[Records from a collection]
------------------------------------------------------------------------

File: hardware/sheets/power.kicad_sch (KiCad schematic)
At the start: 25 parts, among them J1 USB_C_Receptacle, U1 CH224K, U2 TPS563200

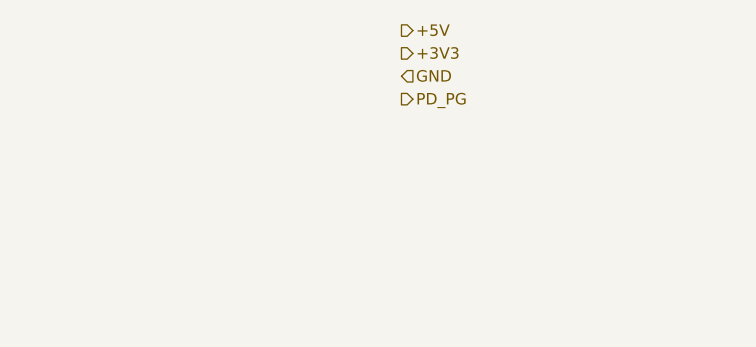
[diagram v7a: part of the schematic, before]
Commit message: ERC cleanup: NC flags on unused pins, anchored interface labels
KiCad 10 ERC drops from 366 to 16 violations, all noise:

- NC flags on the 36 genuinely unused pins (cpu_core '138/'161 spares,
  Supervisor RP2040 unused GPIO, Core2350B GPIO44-47, rtc '138 spares).
- emit_interface anchors every hier label on a stub wire ending in a
  same-name local label -- connectivity unchanged (still by name;
  netlist spans verified), but nothing dangles.
- Interface honesty: cpu_core drops AEN/IOCHRDY from PINS (both live on
  bus_mcu; nothing here touched them), bus_mcu drops PRIV_COUNTER (the
  counter chain is on-sheet, CNT_* never crosses).
- Remaining 6 label_dangling are root IRQ9-13/15: single-sheet by
  design (soft-PIC pull-ups await future 16-bit sources); kept in PINS
  as the AT-style contract.

Co-Authored-By: Claude Fable 5 <noreply@anthropic.com>
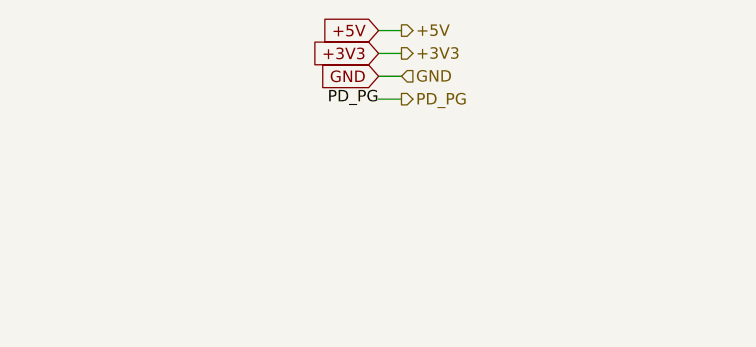
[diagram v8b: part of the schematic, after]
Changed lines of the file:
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@@
 		(company "Andrew C. Young")
 	)
+	(wire
+		(pts
+			(xy 22.86 25.4)
+			(xy 25.4 25.4)
+		)
+		(stroke
+			(width 0)
+			(type default)
+		)
+	)
+	(global_label "+5V"
+		(shape input)
+		(at 22.86 25.4 180)
+		(effects
+			(font
+				(size 1.27 1.27)
+			)
+			(justify right)
+		)
+	)
 	(hierarchical_label "+5V"
 		(shape output)
@@
 		)
 	)
+	(wire
+		(pts
+			(xy 22.86 27.94)
+			(xy 25.4 27.94)
+		)
+		(stroke
+			(width 0)
+			(type default)
+		)
+	)
+	(global_label "+3V3"
+		(shape input)
+		(at 22.86 27.94 180)
+		(effects
+			(font
+				(size 1.27 1.27)
+			)
+			(justify right)
+		)
+	)
 	(hierarchical_label "+3V3"
 		(shape output)
@@
 		)
 	)
+	(wire
+		(pts
+			(xy 22.86 30.48)
+			(xy 25.4 30.48)
+		)
+		(stroke
+			(width 0)
+			(type default)
+		)
+	)
+	(global_label "GND"
+		(shape input)
+		(at 22.86 30.48 180)
+		(effects
+			(font
+				(size 1.27 1.27)
+			)
+			(justify right)
+		)
+	)
 	(hierarchical_label "GND"
 		(shape input)
@@
 		)
 	)
+	(wire
+		(pts
+			(xy 22.86 33.02)
+			(xy 25.4 33.02)
+		)
+		(stroke
+			(width 0)
+			(type default)
+		)
+	)
+	(label "PD_PG"
+		(at 22.86 33.02 180)
+		(effects
+			(font
+				(size 1.27 1.27)
+			)
+			(justify right)
+		)
+	)
 	(hierarchical_label "PD_PG"
 		(shape output)
@@
 		(instances
 			(project "mini-xt"
-				(path "/26736c46-8b40-5460-874f-03596d17270c/68f49a9c-4c78-5695-9186-0a02271fa638"
+				(path "/26736c46-8b40-5460-874f-03596d17270c/a693f317-71cb-5d55-b841-ca6e41b33f1b"
 					(reference "J901")
 					(unit 1)
@@
 		(instances
 			(project "mini-xt"
-				(path "/26736c46-8b40-5460-874f-03596d17270c/68f49a9c-4c78-5695-9186-0a02271fa638"
+				(path "/26736c46-8b40-5460-874f-03596d17270c/a693f317-71cb-5d55-b841-ca6e41b33f1b"
 					(reference "R901")
 					(unit 1)
@@
 		(instances
 			(project "mini-xt"
-				(path "/26736c46-8b40-5460-874f-03596d17270c/68f49a9c-4c78-5695-9186-0a02271fa638"
+				(path "/26736c46-8b40-5460-874f-03596d17270c/a693f317-71cb-5d55-b841-ca6e41b33f1b"
 					(reference "R902")
 					(unit 1)
@@
 		(instances
 			(project "mini-xt"
-				(path "/26736c46-8b40-5460-874f-03596d17270c/68f49a9c-4c78-5695-9186-0a02271fa638"
+				(path "/26736c46-8b40-5460-874f-03596d17270c/a693f317-71cb-5d55-b841-ca6e41b33f1b"
 					(reference "F901")
 					(unit 1)
@@
 		(instances
 			(project "mini-xt"
-				(path "/26736c46-8b40-5460-874f-03596d17270c/68f49a9c-4c78-5695-9186-0a02271fa638"
+				(path "/26736c46-8b40-5460-874f-03596d17270c/a693f317-71cb-5d55-b841-ca6e41b33f1b"
 					(reference "D903")
 					(unit 1)
@@
 		(instances
 			(project "mini-xt"
-				(path "/26736c46-8b40-5460-874f-03596d17270c/68f49a9c-4c78-5695-9186-0a02271fa638"
+				(path "/26736c46-8b40-5460-874f-03596d17270c/a693f317-71cb-5d55-b841-ca6e41b33f1b"
 					(reference "U901")
 					(unit 1)
@@
 		(instances
 			(project "mini-xt"
-				(path "/26736c46-8b40-5460-874f-03596d17270c/68f49a9c-4c78-5695-9186-0a02271fa638"
+				(path "/26736c46-8b40-5460-874f-03596d17270c/a693f317-71cb-5d55-b841-ca6e41b33f1b"
 					(reference "R909")
 					(unit 1)
@@
 		(instances
 			(project "mini-xt"
-				(path "/26736c46-8b40-5460-874f-03596d17270c/68f49a9c-4c78-5695-9186-0a02271fa638"
+				(path "/26736c46-8b40-5460-874f-03596d17270c/a693f317-71cb-5d55-b841-ca6e41b33f1b"
 					(reference "R904")
 					(unit 1)
@@
 		(instances
 			(project "mini-xt"
-				(path "/26736c46-8b40-5460-874f-03596d17270c/68f49a9c-4c78-5695-9186-0a02271fa638"
+				(path "/26736c46-8b40-5460-874f-03596d17270c/a693f317-71cb-5d55-b841-ca6e41b33f1b"
 					(reference "C906")
 					(unit 1)
@@
 		(instances
 			(project "mini-xt"
-				(path "/26736c46-8b40-5460-874f-03596d17270c/68f49a9c-4c78-5695-9186-0a02271fa638"
+				(path "/26736c46-8b40-5460-874f-03596d17270c/a693f317-71cb-5d55-b841-ca6e41b33f1b"
 					(reference "C901")
 					(unit 1)
@@
 		(instances
 			(project "mini-xt"
-				(path "/26736c46-8b40-5460-874f-03596d17270c/68f49a9c-4c78-5695-9186-0a02271fa638"
+				(path "/26736c46-8b40-5460-874f-03596d17270c/a693f317-71cb-5d55-b841-ca6e41b33f1b"
 					(reference "C902")
 					(unit 1)
@@
 		(instances
 			(project "mini-xt"
-				(path "/26736c46-8b40-5460-874f-03596d17270c/68f49a9c-4c78-5695-9186-0a02271fa638"
+				(path "/26736c46-8b40-5460-874f-03596d17270c/a693f317-71cb-5d55-b841-ca6e41b33f1b"
 					(reference "U902")
 					(unit 1)
@@
 		(instances
 			(project "mini-xt"
-				(path "/26736c46-8b40-5460-874f-03596d17270c/68f49a9c-4c78-5695-9186-0a02271fa638"
+				(path "/26736c46-8b40-5460-874f-03596d17270c/a693f317-71cb-5d55-b841-ca6e41b33f1b"
 					(reference "C905")
 					(unit 1)
@@
 		(instances
 			(project "mini-xt"
-				(path "/26736c46-8b40-5460-874f-03596d17270c/68f49a9c-4c78-5695-9186-0a02271fa638"
+				(path "/26736c46-8b40-5460-874f-03596d17270c/a693f317-71cb-5d55-b841-ca6e41b33f1b"
 					(reference "L901")
 					(unit 1)
@@
 		(instances
 			(project "mini-xt"
-				(path "/26736c46-8b40-5460-874f-03596d17270c/68f49a9c-4c78-5695-9186-0a02271fa638"
+				(path "/26736c46-8b40-5460-874f-03596d17270c/a693f317-71cb-5d55-b841-ca6e41b33f1b"
 					(reference "R905")
 					(unit 1)
@@
 		(instances
 			(project "mini-xt"
-				(path "/26736c46-8b40-5460-874f-03596d17270c/68f49a9c-4c78-5695-9186-0a02271fa638"
+				(path "/26736c46-8b40-5460-874f-03596d17270c/a693f317-71cb-5d55-b841-ca6e41b33f1b"
 					(reference "R906")
 					(unit 1)
@@
 		(instances
 			(project "mini-xt"
-				(path "/26736c46-8b40-5460-874f-03596d17270c/68f49a9c-4c78-5695-9186-0a02271fa638"
+				(path "/26736c46-8b40-5460-874f-03596d17270c/a693f317-71cb-5d55-b841-ca6e41b33f1b"
 					(reference "C903")
 					(unit 1)
@@
 		(instances
 			(project "mini-xt"
-				(path "/26736c46-8b40-5460-874f-03596d17270c/68f49a9c-4c78-5695-9186-0a02271fa638"
+				(path "/26736c46-8b40-5460-874f-03596d17270c/a693f317-71cb-5d55-b841-ca6e41b33f1b"
 					(reference "C904")
 					(unit 1)
@@
 		(instances
 			(project "mini-xt"
-				(path "/26736c46-8b40-5460-874f-03596d17270c/68f49a9c-4c78-5695-9186-0a02271fa638"
+				(path "/26736c46-8b40-5460-874f-03596d17270c/a693f317-71cb-5d55-b841-ca6e41b33f1b"
 					(reference "C907")
 					(unit 1)
@@
 		(instances
 			(project "mini-xt"
-				(path "/26736c46-8b40-5460-874f-03596d17270c/68f49a9c-4c78-5695-9186-0a02271fa638"
+				(path "/26736c46-8b40-5460-874f-03596d17270c/a693f317-71cb-5d55-b841-ca6e41b33f1b"
 					(reference "C908")
 					(unit 1)
@@
 		(instances
 			(project "mini-xt"
-				(path "/26736c46-8b40-5460-874f-03596d17270c/68f49a9c-4c78-5695-9186-0a02271fa638"
+				(path "/26736c46-8b40-5460-874f-03596d17270c/a693f317-71cb-5d55-b841-ca6e41b33f1b"
 					(reference "C909")
 					(unit 1)
@@
 		(instances
 			(project "mini-xt"
-				(path "/26736c46-8b40-5460-874f-03596d17270c/68f49a9c-4c78-5695-9186-0a02271fa638"
+				(path "/26736c46-8b40-5460-874f-03596d17270c/a693f317-71cb-5d55-b841-ca6e41b33f1b"
 					(reference "R907")
 					(unit 1)
@@
 		(instances
 			(project "mini-xt"
-				(path "/26736c46-8b40-5460-874f-03596d17270c/68f49a9c-4c78-5695-9186-0a02271fa638"
+				(path "/26736c46-8b40-5460-874f-03596d17270c/a693f317-71cb-5d55-b841-ca6e41b33f1b"
 					(reference "D901")
 					(unit 1)
@@
 		(instances
 			(project "mini-xt"
-				(path "/26736c46-8b40-5460-874f-03596d17270c/68f49a9c-4c78-5695-9186-0a02271fa638"
+				(path "/26736c46-8b40-5460-874f-03596d17270c/a693f317-71cb-5d55-b841-ca6e41b33f1b"
 					(reference "R908")
 					(unit 1)
@@
 		(instances
 			(project "mini-xt"
-				(path "/26736c46-8b40-5460-874f-03596d17270c/68f49a9c-4c78-5695-9186-0a02271fa638"
+				(path "/26736c46-8b40-5460-874f-03596d17270c/a693f317-71cb-5d55-b841-ca6e41b33f1b"
 					(reference "D902")
 					(unit 1)
@@
 		(instances
 			(project "mini-xt"
-				(path "/26736c46-8b40-5460-874f-03596d17270c/68f49a9c-4c78-5695-9186-0a02271fa638"
+				(path "/26736c46-8b40-5460-874f-03596d17270c/a693f317-71cb-5d55-b841-ca6e41b33f1b"
 					(reference "#FLG901")
 					(unit 1)
@@
 		(instances
 			(project "mini-xt"
-				(path "/26736c46-8b40-5460-874f-03596d17270c/68f49a9c-4c78-5695-9186-0a02271fa638"
+				(path "/26736c46-8b40-5460-874f-03596d17270c/a693f317-71cb-5d55-b841-ca6e41b33f1b"
 					(reference "#FLG902")
 					(unit 1)
@@
 		(instances
 			(project "mini-xt"
-				(path "/26736c46-8b40-5460-874f-03596d17270c/68f49a9c-4c78-5695-9186-0a02271fa638"
+				(path "/26736c46-8b40-5460-874f-03596d17270c/a693f317-71cb-5d55-b841-ca6e41b33f1b"
 					(reference "#FLG903")
 					(unit 1)
@@
 		(instances
 			(project "mini-xt"
-				(path "/26736c46-8b40-5460-874f-03596d17270c/68f49a9c-4c78-5695-9186-0a02271fa638"
+				(path "/26736c46-8b40-5460-874f-03596d17270c/a693f317-71cb-5d55-b841-ca6e41b33f1b"
 					(reference "#FLG904")
 					(unit 1)
@@
 		(instances
 			(project "mini-xt"
-				(path "/26736c46-8b40-5460-874f-03596d17270c/68f49a9c-4c78-5695-9186-0a02271fa638"
+				(path "/26736c46-8b40-5460-874f-03596d17270c/a693f317-71cb-5d55-b841-ca6e41b33f1b"
 					(reference "#PWR901")
 					(unit 1)

------------------------------------------------------------------------

> _AIM OF THE EXERCISE_: Return each full line of the entries that contains the word "them".

> _ANSWER BOX_:
At the start: 25 parts, among them J1 USB_C_Receptacle, U1 CH224K, U2 TPS563200
  bus_mcu; nothing here touched them), bus_mcu drops PRIV_COUNTER (the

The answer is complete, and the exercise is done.